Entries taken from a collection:
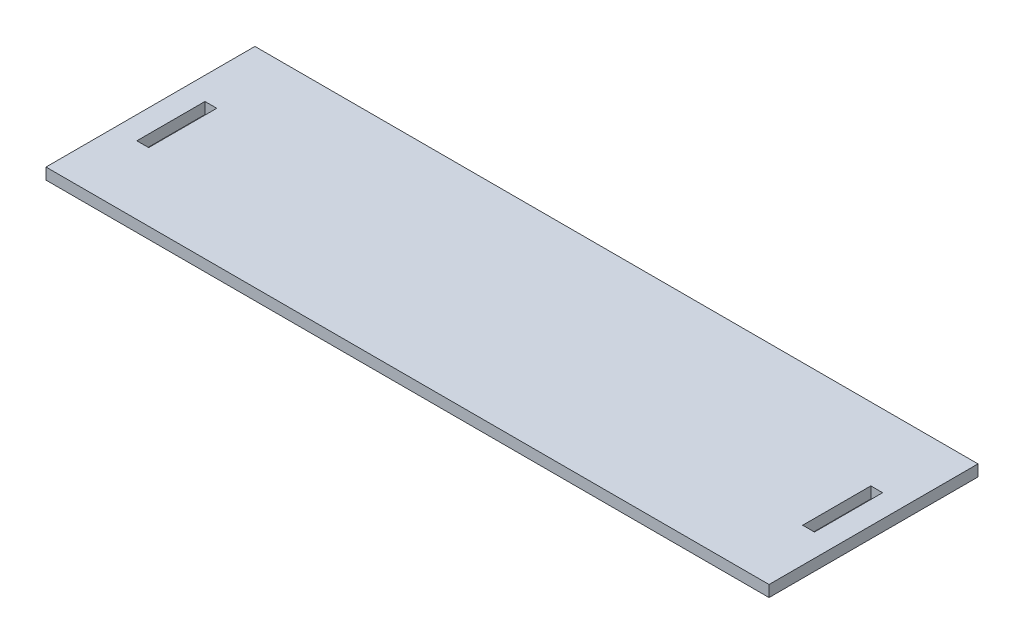
from build123d import *

# Parameters (mm, degrees)
SKETCH1_W           = 159.2
SKETCH1_H           = 45
SKETCH1_W_2         = 2.6
SKETCH1_H_2         = 15
BOSS_EXTRUDE1_DEPTH = 2.5
SKETCH3_W           = 159.2
SKETCH3_H           = 10
BOSS_EXTRUDE3_DEPTH = 2.5
SKETCH4_W           = 159.2
SKETCH4_H           = 9
CUT_EXTRUDE1_DEPTH  = 3.5


with BuildPart() as part:
    # Sketch1 → Boss-Extrude1 (new body)
    with BuildSketch(Plane(origin=(0, 0, 0), x_dir=(1, 0, 0), z_dir=(0, 1, 0))):
        Rectangle(SKETCH1_W, SKETCH1_H)
        with Locations((-73.3, 0)):
            Rectangle(SKETCH1_W_2, SKETCH1_H_2, mode=Mode.SUBTRACT)
        with Locations((73.3, 0)):
            Rectangle(SKETCH1_W_2, SKETCH1_H_2, mode=Mode.SUBTRACT)
    extrude(amount=BOSS_EXTRUDE1_DEPTH)

    # Sketch3 → Boss-Extrude3 (add)
    with BuildSketch(Plane(origin=(0, 2.5, 0), x_dir=(1, 0, 0), z_dir=(0, 1, 0))):
        with Locations((0, 27.5)):
            Rectangle(SKETCH3_W, SKETCH3_H)
    extrude(amount=-BOSS_EXTRUDE3_DEPTH)

    # Sketch4 → Cut-Extrude1 (cut, through all)
    with BuildSketch(Plane(origin=(0, 2.5, 0), x_dir=(1, 0, 0), z_dir=(0, 1, 0))):
        with Locations((0, 28)):
            Rectangle(SKETCH4_W, SKETCH4_H)
    extrude(amount=-CUT_EXTRUDE1_DEPTH, mode=Mode.SUBTRACT)


solid = part.part
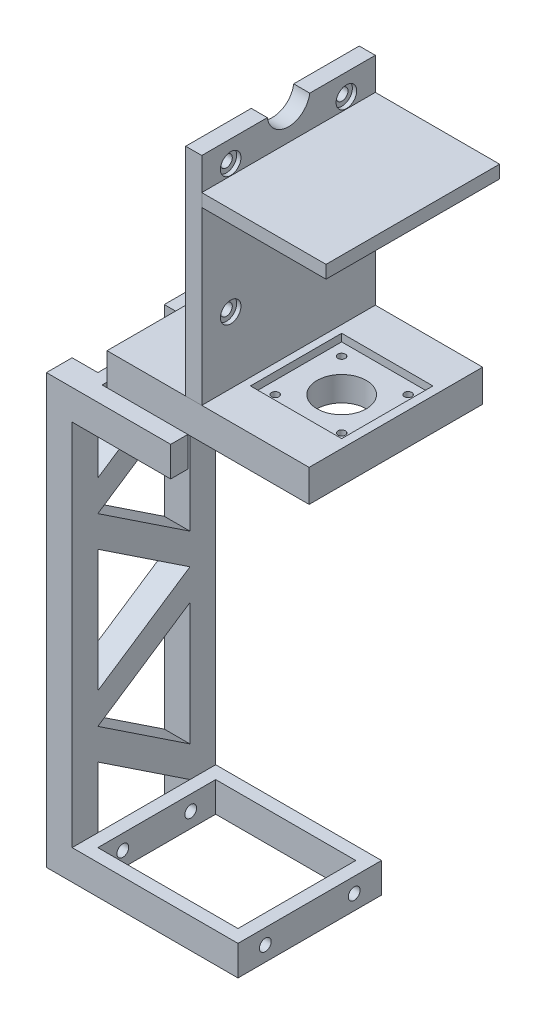
from build123d import *

# Parameters (mm, degrees)
SKETCH1_W            = 77.4
SKETCH1_H            = 67
SKETCH1_W_2          = 65.4
SKETCH1_H_2          = 55
BOSS_EXTRUDE1_DEPTH  = 14
SKETCH4_W            = 12
SKETCH4_H            = 12
BOSS_EXTRUDE2_DEPTH  = 200
SKETCH5_W            = 6
SKETCH5_H            = 67
BOSS_EXTRUDE3_DEPTH  = 14
BOSS_EXTRUDE4_DEPTH  = 12
SKETCH2_R            = 2.75
CUT_EXTRUDE1_DEPTH   = 6
SKETCH3_R            = 2.75
CUT_EXTRUDE2_DEPTH   = 6
SKETCH7_R            = 2.75
CUT_EXTRUDE3_DEPTH   = 223.441902527
SKETCH8_W            = 8
SKETCH8_H            = 14
BOSS_EXTRUDE5_DEPTH  = 40
SKETCH9_W            = 84.613001647
SKETCH9_H            = 81
SKETCH9_W_2          = 22.713460293
BOSS_EXTRUDE6_DEPTH  = 15
SKETCH10_W           = 42.6
SKETCH10_H           = 42.6
CUT_EXTRUDE4_DEPTH   = 3.5
SKETCH11_R           = 1.75
SKETCH11_R_2         = 11.5
CUT_EXTRUDE5_DEPTH   = 11.5
CUT_EXTRUDE6_START   = 8.5
SKETCH11_5_R         = 3
SKETCH11_5_R_2       = 1.75
SKETCH11_5_R_3       = 11.5
CUT_EXTRUDE6_DEPTH   = 3
SKETCH13_R           = 2.75
BOSS_EXTRUDE7_DEPTH  = 5.5
BOSS_EXTRUDE10_START = -5.5
SKETCH13_3_R         = 4.8
BOSS_EXTRUDE10_DEPTH = 2
SKETCH15_W           = 81
SKETCH15_H           = 6
BOSS_EXTRUDE9_DEPTH  = 58


with BuildPart() as part:
    # Sketch1 → Boss-Extrude1 (new body)
    with BuildSketch(Plane(origin=(0, 0, 0), x_dir=(1, 0, 0), z_dir=(0, 1, 0))):
        Rectangle(SKETCH1_W, SKETCH1_H)
        Rectangle(SKETCH1_W_2, SKETCH1_H_2, mode=Mode.SUBTRACT)
    extrude(amount=BOSS_EXTRUDE1_DEPTH)

    # Sketch4 → Boss-Extrude2 (add)
    with BuildSketch(Plane(origin=(0, 0, 0), x_dir=(1, 0, 0), z_dir=(0, 1, 0))):
        with Locations((-44.7, -27.5)):
            Rectangle(SKETCH4_W, SKETCH4_H)
        with Locations((-44.7, 27.5)):
            Rectangle(SKETCH4_W, SKETCH4_H)
    extrude(amount=BOSS_EXTRUDE2_DEPTH)

    # Sketch5 → Boss-Extrude3 (add)
    with BuildSketch(Plane(origin=(0, 200, 0), x_dir=(1, 0, 0), z_dir=(0, 1, 0))):
        with Locations((-35.7, 0)):
            Rectangle(SKETCH5_W, SKETCH5_H)
    extrude(amount=-BOSS_EXTRUDE3_DEPTH)

    # Sketch6 → Boss-Extrude4 (add)
    with BuildSketch(Plane.ZY.offset(50.7)):
        Polygon((21.5, 157.410301507), (-21.5, 186), (-21.5, 171.589698493), (21.5, 143), align=None)
        Polygon((21.5, 128.589698493), (21.5, 143), (-21.5, 114.410301507), (-21.5, 100), align=None)
        Polygon((21.5, 71.410301507), (-21.5, 100), (-21.5, 85.589698493), (21.5, 57), align=None)
        Polygon((21.5, 42.589698493), (21.5, 57), (-21.5, 28.410301507), (-21.5, 14), align=None)
    extrude(amount=-BOSS_EXTRUDE4_DEPTH)

    # Sketch2 → Cut-Extrude1 (cut)
    with BuildSketch(Plane(origin=(38.7, 0, 0), x_dir=(0, 0, -1), z_dir=(1, 0, 0))):
        with Locations((-20.75, 7)):
            Circle(SKETCH2_R)
        with Locations((20.75, 7)):
            Circle(SKETCH2_R)
    extrude(amount=-CUT_EXTRUDE1_DEPTH, mode=Mode.SUBTRACT)

    # Sketch3 → Cut-Extrude2 (cut)
    with BuildSketch(Plane(origin=(-32.7, 0, 0), x_dir=(0, 0, -1), z_dir=(1, 0, 0))):
        with Locations((15.85, 7)):
            Circle(SKETCH3_R)
        with Locations((-15.85, 7)):
            Circle(SKETCH3_R)
    extrude(amount=-CUT_EXTRUDE2_DEPTH, mode=Mode.SUBTRACT)

    # Sketch7 → Cut-Extrude3 (cut, through all)
    with BuildSketch(Plane(origin=(-32.7, 0, -32.7), x_dir=(0, 0, -1), z_dir=(1, 0, 0))):
        with Locations((-16.85, 193)):
            Circle(SKETCH7_R)
        with Locations((-48.55, 193)):
            Circle(SKETCH7_R)
    extrude(amount=-CUT_EXTRUDE3_DEPTH, mode=Mode.SUBTRACT)

    # Sketch8 → Boss-Extrude5 (add)
    with BuildSketch(Plane(origin=(-32.7, 0, 0), x_dir=(0, 0, -1), z_dir=(1, 0, 0))):
        with Locations((-29.5, 193)):
            Rectangle(SKETCH8_W, SKETCH8_H)
        with Locations((29.5, 193)):
            Rectangle(SKETCH8_W, SKETCH8_H)
    extrude(amount=BOSS_EXTRUDE5_DEPTH)


with BuildPart() as body_2:
    # Sketch9 → Boss-Extrude6 (new body)
    with BuildSketch(Plane(origin=(0, 215, 0), x_dir=(1, 0, 0), z_dir=(0, 1, 0))):
        with Locations((36.593499177, 0)):
            Rectangle(SKETCH9_W, SKETCH9_H)
        with Locations((-4.056730147, 0)):
            Rectangle(SKETCH9_W_2, SKETCH9_H)
    extrude(amount=BOSS_EXTRUDE6_DEPTH)

    # Sketch10 → Cut-Extrude4 (cut)
    with BuildSketch(Plane(origin=(0, 230, 0), x_dir=(1, 0, 0), z_dir=(0, 1, 0))):
        with Locations((53.6, 0)):
            Rectangle(SKETCH10_W, SKETCH10_H)
    extrude(amount=-CUT_EXTRUDE4_DEPTH, mode=Mode.SUBTRACT)

    # Sketch11 → Cut-Extrude5 (cut)
    with BuildSketch(Plane(origin=(0, 226.5, -221.5), x_dir=(1, 0, 0), z_dir=(0, -1, 0))):
        with Locations(Location((69.1, 237, 0), (0, 0, 90))):
            Circle(SKETCH11_R)
        with Locations(Location((38.1, 237, 0), (0, 0, 90))):
            Circle(SKETCH11_R)
        with Locations(Location((38.1, 206, 0), (0, 0, 90))):
            Circle(SKETCH11_R)
        with Locations(Location((69.1, 206, 0), (0, 0, 90))):
            Circle(SKETCH11_R)
        with Locations(Location((53.6, 221.5, 0), (0, 0, 90))):
            Circle(SKETCH11_R_2)
    extrude(amount=CUT_EXTRUDE5_DEPTH, mode=Mode.SUBTRACT)

    # Sketch11_5 → Cut-Extrude6 (cut)
    with BuildSketch(Plane(origin=(0, 226.5, -221.5), x_dir=(1, 0, 0), z_dir=(0, -1, 0)).offset(CUT_EXTRUDE6_START)):
        with Locations(Location((38.1, 237, 0), (0, 0, 90))):
            Circle(SKETCH11_5_R)
        with Locations(Location((38.1, 237, 0), (0, 0, 90))):
            Circle(SKETCH11_5_R_2, mode=Mode.SUBTRACT)
        with Locations(Location((69.1, 237, 0), (0, 0, 90))):
            Circle(SKETCH11_5_R)
        with Locations(Location((69.1, 237, 0), (0, 0, 90))):
            Circle(SKETCH11_5_R_2, mode=Mode.SUBTRACT)
        with Locations(Location((69.1, 206, 0), (0, 0, 90))):
            Circle(SKETCH11_5_R)
        with Locations(Location((69.1, 206, 0), (0, 0, 90))):
            Circle(SKETCH11_5_R_2, mode=Mode.SUBTRACT)
        with Locations(Location((38.1, 206, 0), (0, 0, 90))):
            Circle(SKETCH11_5_R)
        with Locations(Location((38.1, 206, 0), (0, 0, 90))):
            Circle(SKETCH11_5_R_2, mode=Mode.SUBTRACT)
        with Locations(Location((53.6, 221.5, 0), (0, 0, 90))):
            Circle(SKETCH11_5_R_3)
    extrude(amount=CUT_EXTRUDE6_DEPTH, mode=Mode.SUBTRACT)


with BuildPart() as body_3:
    # Sketch13 → Boss-Extrude7 (new body)
    with BuildSketch(Plane.ZY.offset(-21.3)):
        with BuildLine():
            Line((-9.905396324, 331), (-40.5, 331))
            Line((-40.5, 331), (-40.5, 230))
            Line((-40.5, 230), (40.5, 230))
            Line((40.5, 230), (40.5, 331))
            Line((40.5, 331), (9.905396324, 331))
            ThreePointArc((9.905396324, 331), (0, 322.372269531), (-9.905396324, 331))
        make_face()
        with Locations((-27, 261)):
            Circle(SKETCH13_R, mode=Mode.SUBTRACT)
        with Locations((27, 321)):
            Circle(SKETCH13_R, mode=Mode.SUBTRACT)
        with Locations((27, 261)):
            Circle(SKETCH13_R, mode=Mode.SUBTRACT)
        with Locations((-27, 321)):
            Circle(SKETCH13_R, mode=Mode.SUBTRACT)
    extrude(amount=-BOSS_EXTRUDE7_DEPTH)

    # Sketch13_3 → Boss-Extrude10 (add)
    with BuildSketch(Plane.ZY.offset(-21.3).offset(BOSS_EXTRUDE10_START)):
        with BuildLine():
            Line((-9.905396324, 331), (-40.5, 331))
            Line((-40.5, 331), (-40.5, 230))
            Line((-40.5, 230), (40.5, 230))
            Line((40.5, 230), (40.5, 331))
            Line((40.5, 331), (9.905396324, 331))
            ThreePointArc((9.905396324, 331), (0, 322.372269531), (-9.905396324, 331))
        make_face()
        with Locations((-27, 261)):
            Circle(SKETCH13_3_R, mode=Mode.SUBTRACT)
        with Locations((27, 261)):
            Circle(SKETCH13_3_R, mode=Mode.SUBTRACT)
        with Locations((-27, 321)):
            Circle(SKETCH13_3_R, mode=Mode.SUBTRACT)
        with Locations((27, 321)):
            Circle(SKETCH13_3_R, mode=Mode.SUBTRACT)
    extrude(amount=-BOSS_EXTRUDE10_DEPTH)


with BuildPart() as body_4:
    # Sketch15 → Boss-Extrude9 (new body)
    with BuildSketch(Plane(origin=(28.8, 0, 0), x_dir=(0, 0, -1), z_dir=(1, 0, 0))):
        with Locations((0, 313)):
            Rectangle(SKETCH15_W, SKETCH15_H)
    extrude(amount=BOSS_EXTRUDE9_DEPTH)


solid = Compound([part.part, body_2.part, body_3.part, body_4.part])

**Exercise aim**.
Look through the entries and copy every line in which the string "solid" appears.

**Your solution**.
solid = part.part
solid = Compound([part.part, body_2.part, body_3.part, body_4.part])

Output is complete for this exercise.